[THE DATA]
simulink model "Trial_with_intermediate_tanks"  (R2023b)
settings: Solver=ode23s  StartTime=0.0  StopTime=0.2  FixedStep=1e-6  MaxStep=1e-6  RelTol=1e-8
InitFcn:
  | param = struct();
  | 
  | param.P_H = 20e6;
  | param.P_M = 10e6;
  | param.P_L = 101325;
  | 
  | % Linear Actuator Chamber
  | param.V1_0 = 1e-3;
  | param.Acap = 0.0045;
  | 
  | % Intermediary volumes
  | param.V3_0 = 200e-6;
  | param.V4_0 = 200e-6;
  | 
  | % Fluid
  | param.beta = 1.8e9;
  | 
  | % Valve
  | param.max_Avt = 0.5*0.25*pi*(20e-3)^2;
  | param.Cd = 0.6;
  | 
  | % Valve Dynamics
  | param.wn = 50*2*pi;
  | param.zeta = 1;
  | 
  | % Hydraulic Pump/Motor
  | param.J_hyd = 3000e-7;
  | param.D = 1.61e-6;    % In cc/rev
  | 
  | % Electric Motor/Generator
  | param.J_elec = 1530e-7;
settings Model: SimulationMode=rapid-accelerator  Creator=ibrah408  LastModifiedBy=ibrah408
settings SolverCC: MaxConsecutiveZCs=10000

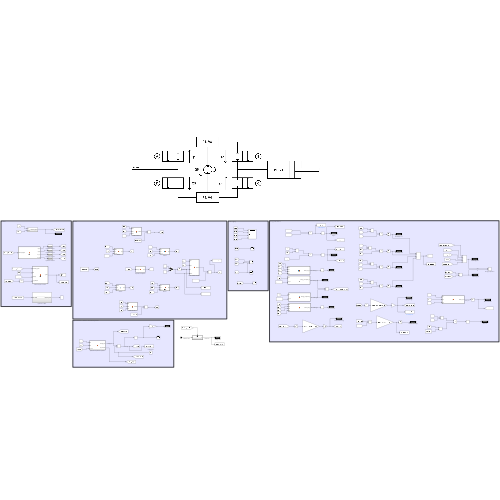
[thumbnail: Simulink's stored preview of the top-level diagram]
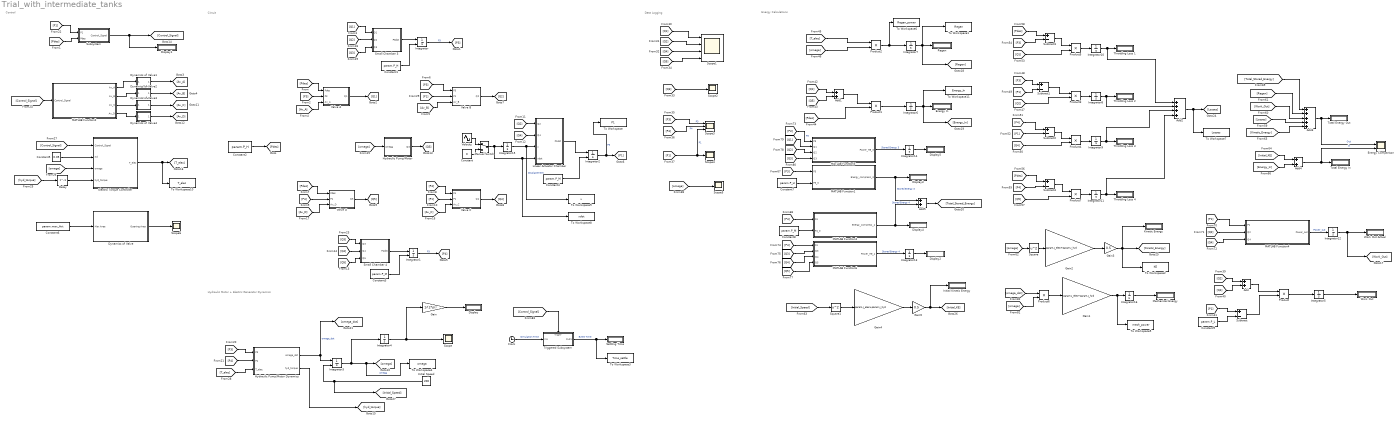
== system Trial_with_intermediate_tanks ==
  note: Energy Calculations
  note: Data Logging
  note: Hydraulic Motor + Electric Generator Dynamics
  note: Circuit
  note: Control
  Add{,1,4..5} (4 alike) : Sum
  Add2 : Sum  Inputs=++++
  Add3 : Sum  Inputs=+++++
  Clock : Clock
  Constant : Constant  Value=0
  Constant1 : Constant  Value=param.P_H
  Constant2 : Constant  Value=param.P_H
  Constant3 : Constant  Value=param.P_M
  Constant4 : Constant  Value=param.P_M
  Constant5 : Constant  Value=0.05
  Constant6 : Constant  Value=param.max_Avt
  Constant7 : Constant  Value=param.P_H
  Constant8 : Constant  Value=param.P_M
  Constant9 : Constant  Value=param.P_L
  Delay : Delay  DelayLength=1
  Display{,1..5} (6 alike) : Display
  Dynamics of Valve : Subsystem
  Dynamics of Valve1 : Subsystem
  Dynamics of Valve2 : Subsystem
  Dynamics of Valve3 : Subsystem
  Dynamics of Valve4 : Subsystem
  Electric Torque Controller : MATLAB Function  TreatAsAtomicUnit=on
  Energy Comparison : Scope  NumInputPorts=2
  Energy In : Display
  Gain : Gain  Gain=1/(2*pi)
  Gain1 : Gain  Gain=param.J_elec+param.J_hyd
  Gain2 : Gain  Gain=param.J_elec+param.J_hyd
  Gain3 : Gain  Gain=0.5
  Gain4 : Gain  Gain=param.J_elec+param.J_hyd
  Gain5 : Gain  Gain=0.5
  Hydraulic Pump/Motor : MATLAB Function  TreatAsAtomicUnit=on
  Hydraulic Pump/Motor Dynamics : MATLAB Function  TreatAsAtomicUnit=on
  Initial Kinetic Energy : Display
  Initial Speed : Constant  Value=200
  Integrator : Integrator  InitialConditionSource=external  InitialCondition=param.P_M
  Integrator1 : Integrator  InitialConditionSource=external  InitialCondition=param.P_M
  Integrator{4..16} (13 alike) : Integrator
  Integrator2 : Integrator  InitialConditionSource=external  InitialCondition=param.P_M
  Integrator3 : Integrator  InitialConditionSource=external
  Kinetic Energy : Display
  Linear Actuator Chamber : MATLAB Function  TreatAsAtomicUnit=on
  MATLAB Function1 : MATLAB Function  TreatAsAtomicUnit=on
  MATLAB Function2 : MATLAB Function  TreatAsAtomicUnit=on
  MATLAB Function3 : MATLAB Function  TreatAsAtomicUnit=on
  MATLAB Function4 : MATLAB Function  TreatAsAtomicUnit=on
  MATLAB Function5 : MATLAB Function  TreatAsAtomicUnit=on
  MATLAB Function6 : MATLAB Function  TreatAsAtomicUnit=on
  Manual Switch : ManualSwitch
  Mechanical Energy : Display
  Product{,1..7} (8 alike) : Product
  Regen : Display
  Scope{,2,4..6} (5 alike) : Scope
  Scope1 : Scope  NumInputPorts=4
  Scope3 : Scope  NumInputPorts=3
  Settling Time : Display
  Small Chamber 3 : MATLAB Function  TreatAsAtomicUnit=on
  Small Chamber 4 : MATLAB Function  TreatAsAtomicUnit=on
  Square : Math  Operator=square
  Square1 : Math  Operator=square
  Subsystem : Subsystem
  Subtract{,1..4} (5 alike) : Sum  Inputs=+-
  Throttling Loss {1..4} (4 alike) : Display
  To Workspace : ToWorkspace  VariableName=P1  SaveFormat=Timeseries  SampleTime=-1
  To Workspace1 : ToWorkspace  VariableName=Regen  SaveFormat=Timeseries  SampleTime=-1
  To Workspace10 : ToWorkspace  VariableName=T_elec  SaveFormat=Timeseries  SampleTime=-1
  To Workspace11 : ToWorkspace  VariableName=Energy_In  SaveFormat=Timeseries  SampleTime=-1
  To Workspace2 : ToWorkspace  VariableName=KE  SaveFormat=Timeseries  SampleTime=-1
  To Workspace3 : ToWorkspace  VariableName=Time_settle  SaveFormat=Timeseries  SampleTime=-1
  To Workspace4 : ToWorkspace  VariableName=omega  SaveFormat=Timeseries  SampleTime=-1
  To Workspace5 : ToWorkspace  VariableName=mech_power  SaveFormat=Timeseries  SampleTime=-1
  To Workspace6 : ToWorkspace  VariableName=Regen_power  SaveFormat=Timeseries  SampleTime=-1
  To Workspace7 : ToWorkspace  VariableName=Losses  SaveFormat=Timeseries  SampleTime=-1
  To Workspace8 : ToWorkspace  VariableName=xdot  SaveFormat=Timeseries  SampleTime=-1
  To Workspace9 : ToWorkspace  VariableName=x  SaveFormat=Timeseries  SampleTime=-1
  Total Energy In : Display
  Total Energy Out : Display
  Triggered Subsystem : Subsystem  TreatAsAtomicUnit=on
  Valve A : MATLAB Function  TreatAsAtomicUnit=on
  Valve B : MATLAB Function  TreatAsAtomicUnit=on
  Valve C : MATLAB Function  TreatAsAtomicUnit=on
  Valve D : MATLAB Function  TreatAsAtomicUnit=on
  Velocity : Sin  Amplitude=1e-2  Frequency=(2*pi)/0.2  Phase=pi/2  SampleTime=0
  Work Out : Display
  Work Out Actual : Display
  wires:
  [Pdes] -> Valve A/1(Pdes)
  Small Chamber 3/1(P3dot) -> Integrator/1
  Constant1/1 -> Integrator/2
  Constant2/1 -> [Pdes]
  [Pdes] -> Subsystem/2(Pdes)
  Integrator/1 -> [P3]  "P3"
  [P3] -> Valve A/2(P3)
  Valve A/1(Q1) -> [Q1]
  [Q1] -> Small Chamber 3/1(Q1)
  [Av_A] -> Valve A/3(Av_A)
  [Av_B] -> Valve B/3(Av_B)
  [P3] -> Valve B/1(P3)
  [Pdes] -> Valve D/1(Pdes)
  Small Chamber 4/1(P4dot) -> Integrator1/1
  Constant3/1 -> Integrator1/2
  Integrator1/1 -> [P4]  "P3"
  [P4] -> Valve C/1(P4)
  [P4] -> Valve D/2(P4)
  Linear Actuator Chamber/1(P1dot) -> Integrator2/1
  Constant4/1 -> Integrator2/2
  Integrator2/1 -> To Workspace/1, [P1]  "P3"
  [P1] -> Valve C/2(P1)
  Valve B/1(Q2) -> [Q2]
  [Q2] -> Linear Actuator Chamber/1(Q2)
  Valve C/1(Q4) -> [Q4]
  [Q4] -> Linear Actuator Chamber/2(Q4)
  Valve D/1(Q5) -> [Q5]
  [Q5] -> Small Chamber 4/3(Q5)
  [Q4] -> Small Chamber 4/2(Q4)
  Hydraulic Pump/Motor Dynamics/1(omega_dot) -> [omega_dot], Integrator3/1  "omega_dot"
  Initial Speed/1 -> [Initial_Speed], Integrator3/2
  Integrator3/1 -> Integrator4/1, To Workspace4/1, [omega]  "omega"
  [omega] -> Hydraulic Pump/Motor/1(omega)
  [Av_C] -> Valve C/3(Av_C)
  [Av_D] -> Valve D/3(Av_D)
  [Q2] -> Small Chamber 3/2(Q2)
  Hydraulic Pump/Motor/1(Q3) -> [Q3]
  [Q3] -> Small Chamber 3/3(Q3)
  [P3] -> Hydraulic Pump/Motor Dynamics/1(P3)
  [P4] -> Hydraulic Pump/Motor Dynamics/2(P4)
  [P1] -> Subsystem/1(P1)
  [Q3] -> Small Chamber 4/1(Q3)
  Subsystem/1(Control_Signal) -> [Control_Signal], Display1/1
  [Control_Signal] -> MATLAB Function2/1(Control_Signal)
  Integrator4/1 -> Gain/1, Scope/1
  Gain/1 -> Display/1
  Hydraulic Pump/Motor Dynamics/2(hyd_torque) -> [hyd_torque]
  [hyd_torque] -> Delay/1
  Delay/1 -> Electric Torque Controller/4(hyd_torque)
  [omega] -> Electric Torque Controller/3(omega)
  Constant5/1 -> Electric Torque Controller/2(Kd)
  [Control_Signal] -> Electric Torque Controller/1(Control_Signal)
  Electric Torque Controller/1(T_elec) -> To Workspace10/1, [T_elec]
  [T_elec] -> Hydraulic Pump/Motor Dynamics/3(T_elec)
  [P1] -> Valve B/2(P1)
  [Q1] -> Scope1/1
  [Q2] -> Scope1/2
  [Q4] -> Scope1/3
  [Q5] -> Scope1/4
  [Q3] -> Scope2/1
  [P3] -> Scope3/1  "P3"
  [P4] -> Scope3/2  "P4"
  [P1] -> Scope3/3, Scope4/1  "P1"
  [omega] -> Scope5/1
  [Q4] -> Add/2
  [Q2] -> Add/1
  Add/1 -> Product/1
  Product/1 -> Integrator5/1
  Integrator5/1 -> Work Out/1
  [Q1] -> Add1/1
  [Q5] -> Add1/2
  Add1/1 -> Product1/1
  [Pdes] -> Product1/2
  Product1/1 -> Integrator6/1
  Integrator6/1 -> To Workspace11/1, [Energy_In], Energy In/1
  [T_elec] -> Product2/1
  [omega] -> Product2/2
  Product2/1 -> To Workspace6/1, Integrator7/1
  Integrator7/1 -> To Workspace1/1, [Regen], Regen/1
  Constant6/1 -> Dynamics of Valve/1(Max Area)
  Dynamics of Valve/1(Opening Area) -> Scope6/1
  MATLAB Function2/1(Av_A) -> Dynamics of Valve1/1(Max Area)
  Dynamics of Valve1/1(Opening Area) -> [Av_A]
  MATLAB Function2/2(Av_B) -> Dynamics of Valve2/1(Max Area)
  Dynamics of Valve2/1(Opening Area) -> [Av_B]
  MATLAB Function2/3(Av_C) -> Dynamics of Valve3/1(Max Area)
  Dynamics of Valve3/1(Opening Area) -> [Av_C]
  MATLAB Function2/4(Av_D) -> Dynamics of Valve4/1(Max Area)
  Dynamics of Valve4/1(Opening Area) -> [Av_D]
  Product4/1 -> Integrator9/1
  [Q2] -> Product3/2
  [P4] -> Subtract2/1
  Integrator11/1 -> Add2/4, Throttling Loss 4/1
  [P4] -> Subtract4/2
  [Pdes] -> Subtract4/1
  [P1] -> Subtract2/2
  Product7/1 -> Integrator11/1
  Integrator9/1 -> Add2/3, Throttling Loss 3/1
  Subtract3/1 -> Product5/1
  Product3/1 -> Integrator8/1
  [Pdes] -> Subtract3/1
  Add2/1 -> To Workspace7/1, [Losses]
  Subtract1/1 -> Product3/1
  Product5/1 -> Integrator10/1
  [P3] -> Subtract1/1
  Integrator8/1 -> Add2/2, Throttling Loss 2/1
  [P1] -> Subtract1/2
  [Q5] -> Product7/2
  Integrator10/1 -> Add2/1, Throttling Loss 1/1
  [P3] -> Subtract3/2
  Subtract4/1 -> Product7/1
  [Q4] -> Product4/2
  Subtract2/1 -> Product4/1
  [Q1] -> Product5/2
  [Regen] -> Add3/2
  [Work_Out] -> Add3/3
  [Losses] -> Add3/4
  Gain3/1 -> To Workspace2/1, [Kinetic_Energy], Kinetic Energy/1
  [omega] -> Square/1
  Square/1 -> Gain2/1
  Gain2/1 -> Gain3/1
  [Initial_Speed] -> Square1/1
  Gain4/1 -> Gain5/1
  Square1/1 -> Gain4/1
  Gain5/1 -> Initial Kinetic Energy/1, [Initial_KE]
  [Kinetic_Energy] -> Add3/5
  [Initial_KE] -> Add4/1
  [Energy_In] -> Add4/2
  Add4/1 -> Energy Comparison/2, Total Energy In/1  "In"
  Add3/1 -> Energy Comparison/1, Total Energy Out/1  "Out"
  Constant7/1 -> MATLAB Function1/2(P3_0)
  [P3] -> MATLAB Function1/1(P3)
  [P4] -> MATLAB Function3/1(P4)
  Constant8/1 -> MATLAB Function3/2(P4_0)
  MATLAB Function1/1(Energy_compress_3) -> Display3/1, Add5/1  "Stored Energy 3"
  MATLAB Function3/1(Energy_compress_4) -> Display4/1, Add5/2  "Stored Energy 4"
  Add5/1 -> [Total_Stored_Energy]
  [Total_Stored_Energy] -> Add3/1
  [P1] -> MATLAB Function4/1(P1)
  MATLAB Function4/1(Power_out) -> Integrator12/1  "Power_out"
  [Q4] -> MATLAB Function4/3(Q4)
  [Q2] -> MATLAB Function4/2(Q2)
  Integrator12/1 -> [Work_Out], Work Out Actual/1
  [P1] -> Subtract/1
  Constant9/1 -> Subtract/2
  Subtract/1 -> Product/2
  [P4] -> MATLAB Function6/1(P4)
  [Q3] -> MATLAB Function6/2(Q3)
  [Q4] -> MATLAB Function6/3(Q4)
  [Q5] -> MATLAB Function6/4(Q5)
  MATLAB Function6/1(Power_HE_4) -> Integrator13/1  "Stored Energy 4"
  Integrator13/1 -> Display2/1
  Integrator14/1 -> Display5/1
  MATLAB Function5/1(Power_HE_3) -> Integrator14/1  "Stored Energy 3"
  [Q1] -> MATLAB Function5/2(Q1)
  [P3] -> MATLAB Function5/1(P3)  "P3"
  [Q2] -> MATLAB Function5/3(Q2)
  [Q3] -> MATLAB Function5/4(Q3)
  Integrator15/1 -> To Workspace9/1, Linear Actuator Chamber/3(x)  "Displacement"
  Velocity/1 -> Manual Switch/1
  Manual Switch/1 -> To Workspace8/1, Linear Actuator Chamber/4(xdot), Integrator15/1
  Constant/1 -> Manual Switch/2
  Product6/1 -> Gain1/1
  [omega] -> Product6/2
  Integrator16/1 -> Mechanical Energy/1
  [omega_dot] -> Product6/1
  Gain1/1 -> To Workspace5/1, Integrator16/1
  [Control_Signal] -> Triggered Subsystem/Trigger
  Clock/1 -> Triggered Subsystem/1(In1)  "Simulation Time"
  Triggered Subsystem/1(Out1) -> To Workspace3/1, Settling Time/1  "Event Time"

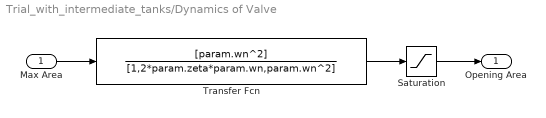
== system Trial_with_intermediate_tanks/Dynamics of Valve ==
  Max Area : Inport
  Saturation : Saturate  UpperLimit=param.max_Avt  LowerLimit=0
  Transfer Fcn : TransferFcn  Numerator=[param.wn^2]  Denominator=[1,2*param.zeta*param.wn,param.wn^2]
  Opening Area : Outport
  wires:
  Transfer Fcn/1 -> Saturation/1
  Saturation/1 -> Opening Area/1
  Max Area/1 -> Transfer Fcn/1

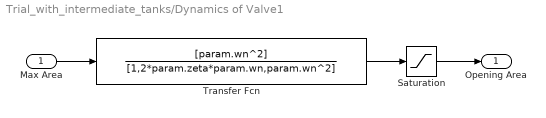
== system Trial_with_intermediate_tanks/Dynamics of Valve1 ==
  Max Area : Inport
  Saturation : Saturate  UpperLimit=param.max_Avt  LowerLimit=0
  Transfer Fcn : TransferFcn  Numerator=[param.wn^2]  Denominator=[1,2*param.zeta*param.wn,param.wn^2]
  Opening Area : Outport
  wires:
  Max Area/1 -> Transfer Fcn/1
  Saturation/1 -> Opening Area/1
  Transfer Fcn/1 -> Saturation/1

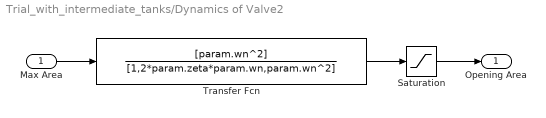
== system Trial_with_intermediate_tanks/Dynamics of Valve2 ==
  Max Area : Inport
  Saturation : Saturate  UpperLimit=param.max_Avt  LowerLimit=0
  Transfer Fcn : TransferFcn  Numerator=[param.wn^2]  Denominator=[1,2*param.zeta*param.wn,param.wn^2]
  Opening Area : Outport
  wires:
  Transfer Fcn/1 -> Saturation/1
  Saturation/1 -> Opening Area/1
  Max Area/1 -> Transfer Fcn/1

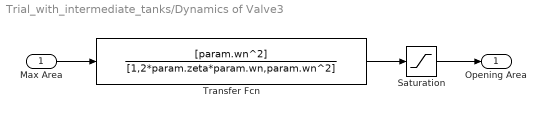
== system Trial_with_intermediate_tanks/Dynamics of Valve3 ==
  Max Area : Inport
  Saturation : Saturate  UpperLimit=param.max_Avt  LowerLimit=0
  Transfer Fcn : TransferFcn  Numerator=[param.wn^2]  Denominator=[1,2*param.zeta*param.wn,param.wn^2]
  Opening Area : Outport
  wires:
  Max Area/1 -> Transfer Fcn/1
  Saturation/1 -> Opening Area/1
  Transfer Fcn/1 -> Saturation/1

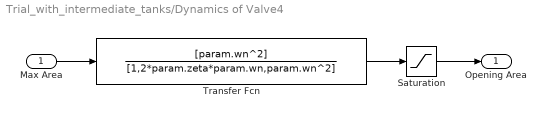
== system Trial_with_intermediate_tanks/Dynamics of Valve4 ==
  Max Area : Inport
  Saturation : Saturate  UpperLimit=param.max_Avt  LowerLimit=0
  Transfer Fcn : TransferFcn  Numerator=[param.wn^2]  Denominator=[1,2*param.zeta*param.wn,param.wn^2]
  Opening Area : Outport
  wires:
  Transfer Fcn/1 -> Saturation/1
  Saturation/1 -> Opening Area/1
  Max Area/1 -> Transfer Fcn/1

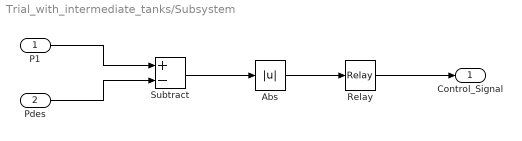
== system Trial_with_intermediate_tanks/Subsystem ==
  P1 : Inport
  Pdes : Inport  Port=2
  Abs : Abs  SaturateOnIntegerOverflow=off
  Relay : Relay  OnSwitchValue=1e6  OffSwitchValue=1e4  OnOutputValue=0  OffOutputValue=1
  Subtract : Sum  Inputs=+-
  Control_Signal : Outport
  wires:
  P1/1 -> Subtract/1
  Pdes/1 -> Subtract/2
  Subtract/1 -> Abs/1
  Abs/1 -> Relay/1
  Relay/1 -> Control_Signal/1

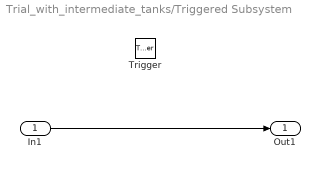
== system Trial_with_intermediate_tanks/Triggered Subsystem ==
  In1 : Inport
  Trigger : TriggerPort  VariantControl=(inherit)
  Out1 : Outport
  wires:
  In1/1 -> Out1/1

== matlab function Trial_with_intermediate_tanks/Hydraulic Pump//Motor Dynamics ==
  data: P3 input; omega_dot output; P4 input; T_elec input; param parameter; hyd_torque output
function [omega_dot, hyd_torque] = fcn(P3,P4,T_elec,param)

hyd_torque = (param.D/(2*pi))*(P3-P4);
omega_dot = (1/(param.J_elec+param.J_hyd))*(hyd_torque-T_elec);

== matlab function Trial_with_intermediate_tanks/Electric Torque Controller ==
  data: Control_Signal input; Kd input; omega input; hyd_torque input; T_elec output
function T_elec  = fcn(Control_Signal, Kd, omega, hyd_torque)

if Control_Signal == 1 

    if omega < 200
        T_elec = hyd_torque;
    else
        T_elec = 5;
    end

else

    if omega >= 300
        T_elec = hyd_torque;
    else
        T_elec = -5;
    end

end

== matlab function Trial_with_intermediate_tanks/MATLAB Function3 ==
  data: P4 input; P4_0 input; Energy_compress_4 output; param parameter
function Energy_compress_4  = fcn(P4, P4_0, param)

%% Normal
Pg = P4 - param.P_L;
P0 = P4_0 - param.P_L;

Wv = param.beta*(exp(Pg/param.beta)-(1+Pg/param.beta));
W0 = param.beta*(exp(P0/param.beta)-(1+P0/param.beta));

Energy_compress_4 = param.V4_0*(Wv-W0);

== matlab function Trial_with_intermediate_tanks/MATLAB Function1 ==
  data: P3 input; P3_0 input; Energy_compress_3 output; param parameter
function Energy_compress_3  = fcn(P3, P3_0, param)

%% Normal
Pg = P3 - param.P_L;
P0 = P3_0 - param.P_L;

Wv = param.beta*(exp(Pg/param.beta)-(1+Pg/param.beta));
W0 = param.beta*(exp(P0/param.beta)-(1+P0/param.beta));

Energy_compress_3 = param.V3_0*(Wv-W0);

== matlab function Trial_with_intermediate_tanks/MATLAB Function4 ==
  data: P1 input; Power_out output; param parameter; Q2 input; Q4 input
function Power_out  = fcn(P1, param, Q2, Q4)

%% Normal
Pg = P1-param.P_L;
Wv = param.beta*(exp(Pg/param.beta)-(1+Pg/param.beta));

Power_out = (Q2+Q4)*(Wv+Pg);

== matlab function Trial_with_intermediate_tanks/MATLAB Function5 ==
  data: P3 input; param parameter; Q1 input; Q2 input; Q3 input; Power_HE_3 output
function Power_HE_3  = fcn(P3, param, Q1, Q2, Q3)

%% Hydraulic Effort
Pg = P3 - param.P_L;

phi_v = param.beta*(exp(Pg/param.beta)-1);

Power_HE_3 = (Q1-Q2-Q3)*(phi_v);

== matlab function Trial_with_intermediate_tanks/Small Chamber 3 ==
  data: P3dot output; Q1 input; Q2 input; Q3 input; param parameter
function P3dot = fcn(Q1, Q2, Q3, param)

P3dot = (param.beta/(param.V3_0))*(Q1-Q2-Q3);

== matlab function Trial_with_intermediate_tanks/MATLAB Function6 ==
  data: P4 input; param parameter; Q3 input; Power_HE_4 output; Q4 input; Q5 input
function Power_HE_4  = fcn(P4, param, Q3, Q4, Q5)

%% Hydraulic Effort
Pg = P4 - param.P_L;

phi_v = param.beta*(exp(Pg/param.beta)-1);

Power_HE_4 = (Q3+Q5-Q4)*(phi_v);

== matlab function Trial_with_intermediate_tanks/Valve A ==
  data: Pdes input; Q1 output; P3 input; Av_A input; param parameter
function Q1 = fcn(Pdes, P3, Av_A, param)

delP = Pdes - P3;
Q1 = param.Cd*Av_A*sqrt(abs(delP))*sign(delP);

== matlab function Trial_with_intermediate_tanks/MATLAB Function2 ==
  data: Control_Signal input; Av_A output; param parameter; Av_B output; Av_C output; Av_D output
function [Av_A, Av_B, Av_C, Av_D] = fcn(Control_Signal, param)

if Control_Signal==1
    
    % Phase 2
    Av_A = param.max_Avt;
    Av_B = param.max_Avt;
    Av_C = 0;
    Av_D = param.max_Avt;

else

    % Phase 1
    Av_A = param.max_Avt;
    Av_B = 0;
    Av_C = param.max_Avt;
    Av_D = 0;

end

== matlab function Trial_with_intermediate_tanks/Valve B ==
  data: Q2 output; P3 input; P1 input; Av_B input; param parameter
function Q2 = fcn(P3, P1, Av_B, param)

delP = P3 - P1;
Q2 = param.Cd*Av_B*sqrt(abs(delP))*sign(delP);

== matlab function Trial_with_intermediate_tanks/Valve D ==
  data: Pdes input; Q5 output; P4 input; Av_D input; param parameter
function Q5 = fcn(Pdes, P4, Av_D, param)

delP = Pdes - P4;
Q5 = param.Cd*Av_D*sqrt(abs(delP))*sign(delP);

== matlab function Trial_with_intermediate_tanks/Valve C ==
  data: Q4 output; P4 input; P1 input; Av_C input; param parameter
function Q4 = fcn(P4, P1, Av_C, param)

delP = P4 - P1;
Q4 = param.Cd*Av_C*sqrt(abs(delP))*sign(delP);

== matlab function Trial_with_intermediate_tanks/Small Chamber 4 ==
  data: Q3 input; P4dot output; Q4 input; Q5 input; param parameter
function P4dot = fcn(Q3, Q4, Q5, param)

P4dot = (param.beta/(param.V4_0))*(Q5+Q3-Q4);

== matlab function Trial_with_intermediate_tanks/Linear Actuator Chamber ==
  data: Q2 input; P1dot output; Q4 input; x input; xdot input; param parameter
function P1dot = fcn(Q2,Q4,x, xdot, param)

P1dot = (param.beta/(param.V1_0+param.Acap*x))*(Q2+Q4-param.Acap*xdot);

== matlab function Trial_with_intermediate_tanks/Hydraulic Pump//Motor ==
  data: omega input; Q3 output; param parameter
function Q3 = fcn(omega, param)

Q3 = (param.D/(2*pi))*omega;

[WHAT IS REQUIRED] The answer must be every line from the entries above that holds the string "Manual".

[SOLUTION TO THE EXERCISE]
  Manual Switch : ManualSwitch
  Velocity/1 -> Manual Switch/1
  Manual Switch/1 -> To Workspace8/1, Linear Actuator Chamber/4(xdot), Integrator15/1
  Constant/1 -> Manual Switch/2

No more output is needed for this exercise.